The following output files are uploaded to Synapse during workflow execution:

  • gene_all_counts_matrix.txt: Table containing raw gene counts, where row labels are geneid's and column labels are synapseid's for input files
  • gene_all_counts_matrix_clean.txt: The same gene count table, but synapseid's have been converted to specimenID's and any duplicate samples were removed
  • Star_Log_Merged.txt: Table containing mapping statistics that were parsed from the STAR aligner log files
  • Star_Log_Merged_clean.txt: The same mapping statistics table, but synapseid's have been converted to specimenID's and any duplicate samples were removed
  • Study_all_metrics_matrix.txt: A table containing statistics about realigned BAM files, as generated by picardtools
  • Study_all_metrics_matrix_clean.txt: The same table containing realigned BAM file statistics, but synapseid's have been converted to specimenID's and any duplicate samples were removed
  • provenance.csv: A csv file where the first field contains the synapseid's for all input files that were used in the processing workflow, the second field contains the version of the synapseid that was used, and the third field contains the corresponding specimenID from the Synapse annotation

Tests

cwltest is used for testing. Add test descriptions to tests/test-descriptions.yaml. Each test added requires a file describing the job inputs that should be added to the tests directory.

Integration Tests

Integration tests are automatically performed on any push to the master branch that does not contain the [skip-ci] string in the commit message. Test data is stored on a project in Synapse, and is accessed using a service account that has credentials stored as github secrets in this repository.

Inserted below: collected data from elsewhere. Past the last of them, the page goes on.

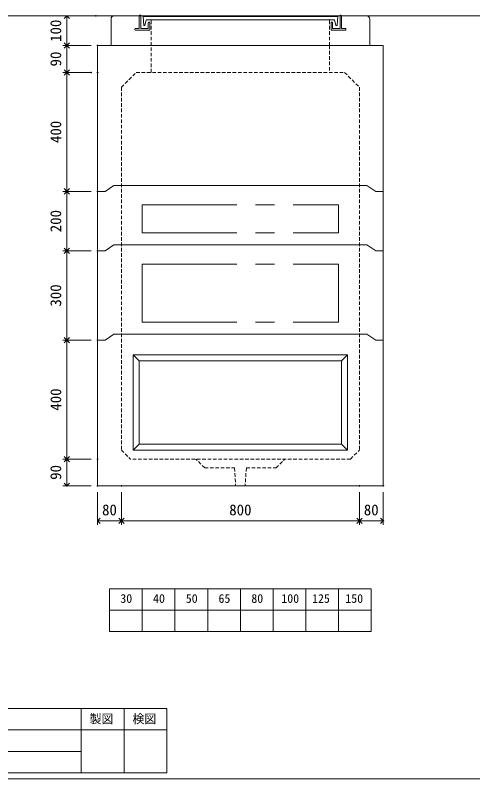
# Model space of a CAD drawing. Units: millimetres, scale not verified. Extents: x -4890 to 18490, y -2320 to 2320.
# Drawn here: x 308 to 1846, y -1955 to 612 of the extents above; entities that cross this region are included whole.
import ezdxf
from ezdxf.enums import TextEntityAlignment as Align

# ---------------------------------------------------------------- set-up
doc = ezdxf.new("R2010")
doc.units = ezdxf.units.MM
doc.header["$LTSCALE"] = 10
doc.header["$PDMODE"] = 32
doc.header["$PDSIZE"] = 2
doc.linetypes.add('DASHED1', pattern=[1.8, 1.2, -0.6])
doc.linetypes.add('USER2', pattern=[50.8, 31.75, -6.35, 6.35, -6.35])
doc.layers.add('0-1_Defpoints', color=7, linetype='Continuous')
for name, color, linetype, lineweight in [('0-2_waku', 7, 'Continuous', 18), ('0-3_gaikei', 7, 'Continuous', 18), ('0-4_kakure', 7, 'DASHED1', 5), ('0-5_sunpou', 7, 'Continuous', 5), ('0-9_uchigawa', 6, 'Continuous', 18), ('0-B_futa', 3, 'Continuous', 18), ('0-C_GL', 4, 'Continuous', 18), ('0-E_文字１', 7, 'Continuous', 18), ('1-3_uchigawa2', 6, 'USER2', 18)]:
    doc.layers.add(name, color=color, linetype=linetype, lineweight=lineweight)
doc.styles.add('ＭＳ ゴシック', font='')
doc.styles.get('ＭＳ ゴシック').set_extended_font_data('MS Gothic')

# ---------------------------------------------------------------- blocks, each defined once
blk = doc.blocks.new('_Open90')
at = {"layer": '0-5_sunpou'}
blk.add_line((0, 0), (-1, 0), dxfattribs=at)
blk.add_lwpolyline([(-0.5, 0.5), (0, 0), (-0.5, -0.5)], dxfattribs=at)
blk = doc.blocks.new('D44')
at = {"layer": '0-1_Defpoints'}
for p in [(2032.32, 1704.36), (1928.83, 1304.36), (2032.32, 1304.36)]:
    blk.add_point(p, dxfattribs=at)
at = {"layer": '0-5_sunpou'}
for p, q in [((2010.32, 1704.36), (1915.83, 1704.36)), ((1928.83, 1686.36), (1928.83, 1322.36)), ((2010.32, 1304.36), (1915.83, 1304.36))]:
    blk.add_line(p, q, dxfattribs=at)
at = {"layer": '0-5_sunpou', "xscale": 18, "yscale": 18}
for p, rotation in [((1928.83, 1704.36), 90), ((1928.83, 1304.36), 270)]:
    blk.add_blockref('_Open90', p, dxfattribs=dict(at, rotation=rotation))
at = {"layer": '0-5_sunpou', "style": 'ＭＳ ゴシック'}
blk.add_text('400', height=36.66, rotation=90, dxfattribs=at).set_placement((1920.83, 1466.86), align=Align.BOTTOM_LEFT)
blk = doc.blocks.new('D45')
at = {"layer": '0-1_Defpoints'}
for p in [(2032.32, 1304.36), (1928.83, 1214.36), (2032.32, 1214.36)]:
    blk.add_point(p, dxfattribs=at)
at = {"layer": '0-5_sunpou'}
for p, q in [((2010.32, 1304.36), (1915.83, 1304.36)), ((1928.83, 1286.36), (1928.83, 1232.36)), ((2010.32, 1214.36), (1915.83, 1214.36))]:
    blk.add_line(p, q, dxfattribs=at)
at = {"layer": '0-5_sunpou', "xscale": 18, "yscale": 18}
for p, rotation in [((1928.83, 1304.36), 90), ((1928.83, 1214.36), 270)]:
    blk.add_blockref('_Open90', p, dxfattribs=dict(at, rotation=rotation))
at = {"layer": '0-5_sunpou', "style": 'ＭＳ ゴシック'}
blk.add_text('90', height=36.66, rotation=90, dxfattribs=at).set_placement((1920.83, 1234.36), align=Align.BOTTOM_LEFT)
blk = doc.blocks.new('D46')
at = {"layer": '0-1_Defpoints'}
for p in [(2032.32, 1214.36), (2112.32, 1214.36), (2112.32, 1095.97)]:
    blk.add_point(p, dxfattribs=at)
at = {"layer": '0-5_sunpou'}
for p, q in [((2032.32, 1192.36), (2032.32, 1082.97)), ((2112.32, 1192.36), (2112.32, 1082.97)), ((2050.32, 1095.97), (2094.32, 1095.97))]:
    blk.add_line(p, q, dxfattribs=at)
at = {"layer": '0-5_sunpou', "xscale": 18, "yscale": 18, "rotation": 180}
blk.add_blockref('_Open90', (2032.32, 1095.97), dxfattribs=at)
at = {"layer": '0-5_sunpou', "xscale": 18, "yscale": 18}
blk.add_blockref('_Open90', (2112.32, 1095.97), dxfattribs=at)
at = {"layer": '0-5_sunpou', "style": 'ＭＳ ゴシック'}
blk.add_text('80', height=36.66, dxfattribs=at).set_placement((2047.32, 1103.97), align=Align.BOTTOM_LEFT)
blk = doc.blocks.new('D47')
at = {"layer": '0-1_Defpoints'}
for p in [(2112.32, 1214.36), (2912.32, 1214.36), (2912.32, 1095.97)]:
    blk.add_point(p, dxfattribs=at)
at = {"layer": '0-5_sunpou'}
for p, q in [((2112.32, 1192.36), (2112.32, 1082.97)), ((2912.32, 1192.36), (2912.32, 1082.97)), ((2130.32, 1095.97), (2894.32, 1095.97))]:
    blk.add_line(p, q, dxfattribs=at)
at = {"layer": '0-5_sunpou', "xscale": 18, "yscale": 18, "rotation": 180}
blk.add_blockref('_Open90', (2112.32, 1095.97), dxfattribs=at)
at = {"layer": '0-5_sunpou', "xscale": 18, "yscale": 18}
blk.add_blockref('_Open90', (2912.32, 1095.97), dxfattribs=at)
at = {"layer": '0-5_sunpou', "style": 'ＭＳ ゴシック'}
blk.add_text('800', height=36.66, dxfattribs=at).set_placement((2474.82, 1103.97), align=Align.BOTTOM_LEFT)
blk = doc.blocks.new('D48')
at = {"layer": '0-1_Defpoints'}
for p in [(2912.32, 1214.36), (2992.32, 1214.36), (2992.32, 1095.97)]:
    blk.add_point(p, dxfattribs=at)
at = {"layer": '0-5_sunpou'}
for p, q in [((2912.32, 1192.36), (2912.32, 1082.97)), ((2992.32, 1192.36), (2992.32, 1082.97)), ((2930.32, 1095.97), (2974.32, 1095.97))]:
    blk.add_line(p, q, dxfattribs=at)
at = {"layer": '0-5_sunpou', "xscale": 18, "yscale": 18, "rotation": 180}
blk.add_blockref('_Open90', (2912.32, 1095.97), dxfattribs=at)
at = {"layer": '0-5_sunpou', "xscale": 18, "yscale": 18}
blk.add_blockref('_Open90', (2992.32, 1095.97), dxfattribs=at)
at = {"layer": '0-5_sunpou', "style": 'ＭＳ ゴシック'}
blk.add_text('80', height=36.66, dxfattribs=at).set_placement((2927.32, 1103.97), align=Align.BOTTOM_LEFT)
blk = doc.blocks.new('D49')
at = {"layer": '0-1_Defpoints'}
for p in [(2026.77, 2794.36), (1928.83, 2694.36), (2032.32, 2694.36)]:
    blk.add_point(p, dxfattribs=at)
at = {"layer": '0-5_sunpou'}
for p, q in [((2004.77, 2794.36), (1915.83, 2794.36)), ((1928.83, 2776.36), (1928.83, 2712.36)), ((2010.32, 2694.36), (1915.83, 2694.36))]:
    blk.add_line(p, q, dxfattribs=at)
at = {"layer": '0-5_sunpou', "xscale": 18, "yscale": 18}
for p, rotation in [((1928.83, 2794.36), 90), ((1928.83, 2694.36), 270)]:
    blk.add_blockref('_Open90', p, dxfattribs=dict(at, rotation=rotation))
at = {"layer": '0-5_sunpou', "style": 'ＭＳ ゴシック'}
blk.add_text('100', height=36.66, rotation=90, dxfattribs=at).set_placement((1920.83, 2706.86), align=Align.BOTTOM_LEFT)
blk = doc.blocks.new('D50')
at = {"layer": '0-1_Defpoints'}
for p in [(2032.32, 2694.36), (1928.83, 2604.36), (2032.32, 2604.36)]:
    blk.add_point(p, dxfattribs=at)
at = {"layer": '0-5_sunpou'}
for p, q in [((2010.32, 2694.36), (1915.83, 2694.36)), ((1928.83, 2676.36), (1928.83, 2622.36)), ((2010.32, 2604.36), (1915.83, 2604.36))]:
    blk.add_line(p, q, dxfattribs=at)
at = {"layer": '0-5_sunpou', "xscale": 18, "yscale": 18}
for p, rotation in [((1928.83, 2694.36), 90), ((1928.83, 2604.36), 270)]:
    blk.add_blockref('_Open90', p, dxfattribs=dict(at, rotation=rotation))
at = {"layer": '0-5_sunpou', "style": 'ＭＳ ゴシック'}
blk.add_text('90', height=36.66, rotation=90, dxfattribs=at).set_placement((1920.83, 2624.36), align=Align.BOTTOM_LEFT)
blk = doc.blocks.new('D51')
at = {"layer": '0-1_Defpoints'}
for p in [(2010.32, 2604.36), (1928.83, 2204.36), (2032.32, 2204.36)]:
    blk.add_point(p, dxfattribs=at)
at = {"layer": '0-5_sunpou'}
for p, q in [((1988.32, 2604.36), (1915.83, 2604.36)), ((1928.83, 2586.36), (1928.83, 2222.36)), ((2010.32, 2204.36), (1915.83, 2204.36))]:
    blk.add_line(p, q, dxfattribs=at)
at = {"layer": '0-5_sunpou', "xscale": 18, "yscale": 18}
for p, rotation in [((1928.83, 2604.36), 90), ((1928.83, 2204.36), 270)]:
    blk.add_blockref('_Open90', p, dxfattribs=dict(at, rotation=rotation))
at = {"layer": '0-5_sunpou', "style": 'ＭＳ ゴシック'}
blk.add_text('400', height=36.66, rotation=90, dxfattribs=at).set_placement((1920.83, 2366.86), align=Align.BOTTOM_LEFT)
blk = doc.blocks.new('D52')
at = {"layer": '0-1_Defpoints'}
for p in [(2032.32, 2204.36), (1928.83, 2004.36), (2032.32, 2004.36)]:
    blk.add_point(p, dxfattribs=at)
at = {"layer": '0-5_sunpou'}
for p, q in [((2010.32, 2204.36), (1915.83, 2204.36)), ((1928.83, 2186.36), (1928.83, 2022.36)), ((2010.32, 2004.36), (1915.83, 2004.36))]:
    blk.add_line(p, q, dxfattribs=at)
at = {"layer": '0-5_sunpou', "xscale": 18, "yscale": 18}
for p, rotation in [((1928.83, 2204.36), 90), ((1928.83, 2004.36), 270)]:
    blk.add_blockref('_Open90', p, dxfattribs=dict(at, rotation=rotation))
at = {"layer": '0-5_sunpou', "style": 'ＭＳ ゴシック'}
blk.add_text('200', height=36.66, rotation=90, dxfattribs=at).set_placement((1920.83, 2066.86), align=Align.BOTTOM_LEFT)
blk = doc.blocks.new('D53')
at = {"layer": '0-1_Defpoints'}
for p in [(2032.32, 2004.36), (1928.83, 1704.36), (2032.32, 1704.36)]:
    blk.add_point(p, dxfattribs=at)
at = {"layer": '0-5_sunpou'}
for p, q in [((2010.32, 2004.36), (1915.83, 2004.36)), ((1928.83, 1986.36), (1928.83, 1722.36)), ((2010.32, 1704.36), (1915.83, 1704.36))]:
    blk.add_line(p, q, dxfattribs=at)
at = {"layer": '0-5_sunpou', "xscale": 18, "yscale": 18}
for p, rotation in [((1928.83, 2004.36), 90), ((1928.83, 1704.36), 270)]:
    blk.add_blockref('_Open90', p, dxfattribs=dict(at, rotation=rotation))
at = {"layer": '0-5_sunpou', "style": 'ＭＳ ゴシック'}
blk.add_text('300', height=36.66, rotation=90, dxfattribs=at).set_placement((1920.83, 1816.86), align=Align.BOTTOM_LEFT)

msp = doc.modelspace()

# ---------------------------------------------------------------- linework, layer by layer
at = {"layer": '0-2_waku'}
for p, q in [((625, -1315.95), (625, -1459.95)), ((625, -1315.95), (625, -1459.95)), ((625, -1315.95), (625, -1459.95)), ((625, -1315.95), (625, -1459.95)), ((625, -1315.95), (1505, -1315.95)), ((735, -1315.95), (735, -1459.95)), ((845, -1315.95), (845, -1459.95)), ((845, -1315.95), (845, -1459.95)), ((955, -1315.95), (955, -1459.95)), ((1065, -1315.95), (1065, -1459.95)), ((1175, -1315.95), (1175, -1459.95)), ((1285, -1315.95), (1285, -1459.95)), ((1395, -1315.95), (1395, -1459.95)), ((1505, -1315.95), (1505, -1459.95)), ((625, -1387.95), (1505, -1387.95)), ((625, -1459.95), (1505, -1459.95)), ((-1210, -1718.95), (818, -1718.95)), ((530, -1718.95), (530, -1934.95)), ((530, -1718.95), (530, -1934.95)), ((674, -1718.95), (674, -1934.95)), ((818, -1718.95), (818, -1934.95)), ((-1210, -1790.95), (818, -1790.95)), ((-1210, -1862.95), (530, -1862.95)), ((-1210, -1934.95), (818, -1934.95)), ((-1230, -1954.95), (4890, -1954.95)), ((-1230, -1954.95), (4890, -1954.95))]:
    msp.add_line(p, q, dxfattribs=at)
at = {"layer": '0-3_gaikei'}
for p, q in [((630, 510.05), (630, 600.05)), ((640, 610.05), (725, 610.05)), ((1405, 610.05), (1490, 610.05)), ((1500, 510.05), (1500, 600.05)), ((585, -969.95), (585, 510.05)), ((630, 510.05), (740, 510.05)), ((665, 510.05), (1465, 510.05)), ((1500, 510.05), (1390, 510.05)), ((1545, 510.05), (1545, -969.95)), ((610, 20.05), (640, 40.05)), ((610, 20.05), (640, 40.05)), ((640, 40.05), (1490, 40.05)), ((1490, 40.05), (1520, 20.05)), ((1490, 40.05), (1520, 20.05)), ((610, 20.05), (585, 20.05)), ((610, 20.05), (585, 20.05)), ((1520, 20.05), (1545, 20.05)), ((1520, 20.05), (1545, 20.05)), ((610, -179.95), (640, -159.95)), ((610, -179.95), (640, -159.95)), ((640, -159.95), (1490, -159.95)), ((1490, -159.95), (1520, -179.95)), ((1490, -159.95), (1520, -179.95)), ((610, -179.95), (585, -179.95)), ((610, -179.95), (585, -179.95)), ((1520, -179.95), (1545, -179.95)), ((1520, -179.95), (1545, -179.95)), ((610, -479.95), (640, -459.95)), ((610, -479.95), (640, -459.95)), ((610, -479.95), (640, -459.95)), ((610, -479.95), (640, -459.95)), ((610, -479.95), (640, -459.95)), ((610, -479.95), (640, -459.95)), ((640, -459.95), (1490, -459.95)), ((1490, -459.95), (1520, -479.95)), ((1490, -459.95), (1520, -479.95)), ((1490, -459.95), (1520, -479.95)), ((1490, -459.95), (1520, -479.95)), ((1490, -459.95), (1520, -479.95)), ((1490, -459.95), (1520, -479.95)), ((610, -479.95), (585, -479.95)), ((610, -479.95), (585, -479.95)), ((610, -479.95), (585, -479.95)), ((610, -479.95), (585, -479.95)), ((610, -479.95), (585, -479.95)), ((610, -479.95), (585, -479.95)), ((585, -479.95), (585, -969.95)), ((1520, -479.95), (1545, -479.95)), ((1520, -479.95), (1545, -479.95)), ((1520, -479.95), (1545, -479.95)), ((1520, -479.95), (1545, -479.95)), ((1520, -479.95), (1545, -479.95)), ((1520, -479.95), (1545, -479.95)), ((1545, -479.95), (1545, -969.95)), ((1545, -969.95), (585, -969.95)), ((585, -969.95), (665, -969.95)), ((1545, -969.95), (585, -969.95)), ((585, -969.95), (665, -969.95))]:
    msp.add_line(p, q, dxfattribs=at)
at = {"layer": '0-3_gaikei', "lineweight": 5}
for p, q in [((640, 40.05), (1490, 40.05)), ((640, 40.05), (1490, 40.05)), ((640, -159.95), (1490, -159.95)), ((640, -159.95), (1490, -159.95)), ((640, -459.95), (1490, -459.95)), ((640, -459.95), (1490, -459.95)), ((640, -459.95), (1490, -459.95)), ((640, -459.95), (1490, -459.95)), ((640, -459.95), (1490, -459.95)), ((640, -459.95), (1490, -459.95))]:
    msp.add_line(p, q, dxfattribs=at)
at = {"layer": '0-3_gaikei'}
msp.add_lwpolyline([(715, 510.05), (585, 510.05), (1545, 510.05)], dxfattribs=at)
msp.add_lwpolyline([(715, 510.05), (585, 510.05), (1545, 510.05)], dxfattribs=at)
for centre, radius, start, end in [((639.42, 600.63), 9.44, 86.47383, 183.52617), ((1490.33, 600.38), 9.68, 358.04251, 91.95749)]:
    msp.add_arc(centre, radius, start, end, dxfattribs=at)
at = {"layer": '0-4_kakure'}
for p, q in [((765, 510.05), (765, 596.55)), ((1365, 510.05), (1365, 596.55)), ((765, 420.05), (765, 508.82)), ((1365, 510.05), (1365, 418.82)), ((665, 370.05), (715, 420.05)), ((715, 420.05), (1415, 420.05)), ((715, 420.05), (1415, 420.05)), ((715, 420.05), (1415, 420.05)), ((715, 420.05), (1415, 420.05)), ((1415, 420.05), (1465, 370.05)), ((665, 370.05), (665, -849.95)), ((1465, 370.05), (1465, -849.95)), ((665, -849.95), (695, -879.95)), ((1435, -879.95), (1465, -849.95)), ((1435, -879.95), (695, -879.95)), ((945, -909.95), (915, -879.95)), ((945, -909.95), (915, -879.95)), ((1185, -909.95), (1215, -879.95)), ((1185, -909.95), (1215, -879.95)), ((945, -909.95), (1045, -909.95)), ((945, -909.95), (1045, -909.95)), ((1045, -909.95), (1049, -969.95)), ((1045, -909.95), (1049, -969.95)), ((1085, -909.95), (1081, -969.95)), ((1085, -909.95), (1081, -969.95)), ((1085, -909.95), (1185, -909.95))]:
    msp.add_line(p, q, dxfattribs=at)
at = {"layer": '0-9_uchigawa'}
for p, q in [((705, -529.95), (725, -549.95)), ((705, -529.95), (705, -829.95)), ((705, -529.95), (1425, -529.95)), ((705, -529.95), (705, -849.88)), ((705, -529.95), (725, -549.95)), ((705, -529.95), (725, -549.95)), ((705, -529.95), (705, -829.95)), ((705, -529.95), (1425, -529.95)), ((705, -529.95), (705, -849.88)), ((705, -529.95), (725, -549.95)), ((1425, -529.95), (1405, -549.95)), ((1425, -529.95), (1405, -549.95)), ((1425, -529.95), (1425, -849.88)), ((1425, -529.95), (1425, -849.88)), ((725, -549.95), (725, -809.95)), ((725, -549.95), (725, -809.95)), ((725, -549.95), (725, -809.95)), ((725, -549.95), (725, -809.95)), ((725, -549.95), (725, -829.88)), ((725, -549.95), (725, -809.95)), ((725, -549.95), (725, -809.95)), ((725, -549.95), (725, -809.95)), ((725, -549.95), (725, -809.95)), ((725, -549.95), (725, -829.88)), ((1405, -829.88), (1405, -549.95)), ((1405, -829.88), (1405, -549.95)), ((705, -849.88), (725, -829.88)), ((725, -829.88), (1405, -829.88)), ((1425, -849.88), (1405, -829.88)), ((705, -849.88), (1425, -849.88)), ((725, -849.88), (1425, -849.88))]:
    msp.add_line(p, q, dxfattribs=at)
for points in [[(705, -529.95), (725, -549.95), (725, -809.95)], [(705, -529.95), (725, -549.95), (1405, -549.95)], [(705, -529.95), (725, -549.95), (725, -809.95)], [(705, -529.95), (725, -549.95), (1405, -549.95)]]:
    msp.add_lwpolyline(points, dxfattribs=at)
at = {"layer": '0-B_futa'}
for p, q in [((725, 610.05), (725, 567.05)), ((727, 612.05), (730, 612.05)), ((730, 612.05), (730, 567.05)), ((737.81, 607.55), (1392.14, 607.55)), ((737.81, 607.55), (740.3, 577.55)), ((748.33, 596.55), (744.01, 577.55)), ((748.33, 596.55), (1381.67, 596.55)), ((1381.67, 596.55), (1385.99, 577.55)), ((1392.14, 607.55), (1389.89, 577.55)), ((1400, 612.05), (1400, 567.05)), ((1400, 612.05), (1403, 612.05)), ((1405, 610.05), (1405, 567.05)), ((710, 565.05), (710, 564.05)), ((712, 567.05), (725, 567.05)), ((730, 567.05), (755, 567.05)), ((740.3, 577.55), (744.01, 577.55)), ((755, 587.05), (755, 567.05)), ((757, 589.05), (758, 589.05)), ((760, 587.05), (760, 562.05)), ((1370, 587.05), (1370, 562.05)), ((1373, 589.05), (1372, 589.05)), ((1375, 587.05), (1375, 567.05)), ((1400, 567.05), (1375, 567.05)), ((1389.89, 577.55), (1385.99, 577.55)), ((1418, 567.05), (1405, 567.05)), ((1420, 565.05), (1420, 564.05)), ((760, 562.05), (712, 562.05)), ((1370, 562.05), (1418, 562.05))]:
    msp.add_line(p, q, dxfattribs=at)
for centre, start, end in [((727, 610.05), 90, 180), ((1403, 610.05), 0, 90), ((712, 565.05), 90, 180), ((757, 587.05), 90, 180), ((758, 587.05), 0, 90), ((1372, 587.05), 90, 180), ((1373, 587.05), 0, 90), ((1418, 565.05), 0, 90), ((712, 564.05), 180, 270), ((1418, 564.05), 270, 0)]:
    msp.add_arc(centre, 2, start, end, dxfattribs=at)
at = {"layer": '0-C_GL'}
msp.add_line((-1230, 610.05), (4890, 610.05), dxfattribs=at)
msp.add_line((-1230, 610.05), (4890, 610.05), dxfattribs=at)
at = {"layer": '1-3_uchigawa2'}
for p, q in [((735, -24.95), (735, -119.95)), ((735, -24.95), (1395, -24.95)), ((1395, -24.95), (1395, -119.95)), ((735, -119.95), (1395, -119.95)), ((735, -224.95), (735, -419.95)), ((735, -224.95), (1395, -224.95)), ((1395, -224.95), (1395, -419.95)), ((735, -419.95), (1395, -419.95))]:
    msp.add_line(p, q, dxfattribs=at)

# ---------------------------------------------------------------- block references
at = {"layer": '0-5_sunpou'}
for name in ['D49', 'D50', 'D51', 'D52', 'D53', 'D44', 'D45', 'D46', 'D47', 'D48']:
    msp.add_blockref(name, (-1447.32, -2184.31), dxfattribs=at)

# ---------------------------------------------------------------- texts
at = {"layer": '0-E_文字１', "style": 'ＭＳ ゴシック'}
for s, p in [('30', (661.39, -1372.39)), ('40', (771.39, -1372.39)), ('50', (881.39, -1372.39)), ('65', (991.39, -1372.39)), ('80', (1101.79, -1372.39)), ('100', (1202.67, -1372.39)), ('125', (1306.05, -1372.39)), ('150', (1417.82, -1372.39)), ('製図', (558.06, -1777.2)), ('検図', (702.06, -1777.2))]:
    msp.add_text(s, height=29.33, dxfattribs=at).set_placement(p, align=Align.BOTTOM_LEFT)

doc.saveas('drawing.dxf')

Continuous Deployment and Versioning

This repository uses GitHub actions to run tests and perform automated versioning.

CI

Defined in .github/workflows/ci.yaml, this action runs on each push to master where the commit does not contain '[skip-ci]'.

Versioning

Versioning is achieved through git tagging using semantic versioning. Each push to master will generate an increment to the patch value, unless the commit contains the string '[skip-ci]'.

Use the release script to do a minor or major release. To create a minor release, run python utils/release.py from the project root. To create a major release, run the same command but add the flag --major.

The release script has dependencies which can be installed to virtual environment using pipenv. After installing pipenv, run pipenv install to install the dependencies, and pipenv shell to activate the environment.

Alternately, to do a minor or major releases manually:

  1. Determine what the tag value will be. For example, to make a minor release from v0.1.22, the next tag would be v0.2.0.
  2. In the CWL tools, change the docker version to use that tag, and create a commit like "Update docker version in cwl tools in preparation for minor release"
  3. Run the tagging commmand: git tag v0.2.0
  4. Push the tag: git push --tags

Branch Versioning

Optionally, you can set up your repository for running the CI action on pushes to all branches, not just master. This is not the default behavior because it introduces complexity and requires that you use git in a certain way.

To set this up, in .github/workflows/ci.yaml, change master to '*' in the event filter ( on > push > branches). This will cause pushes to non-master tags to also build. They will be tagged with this pattern: -, e.g. v1.0.0-197e187.

If you choose to make this change, for best results we recommend that you also use the no-fast-forward flag (--no-ff) when merging branches to master. Using that flag will ensure that a new merge commit is created, and CI will run correctly. Without a new merge commit, versioning won't work correctly.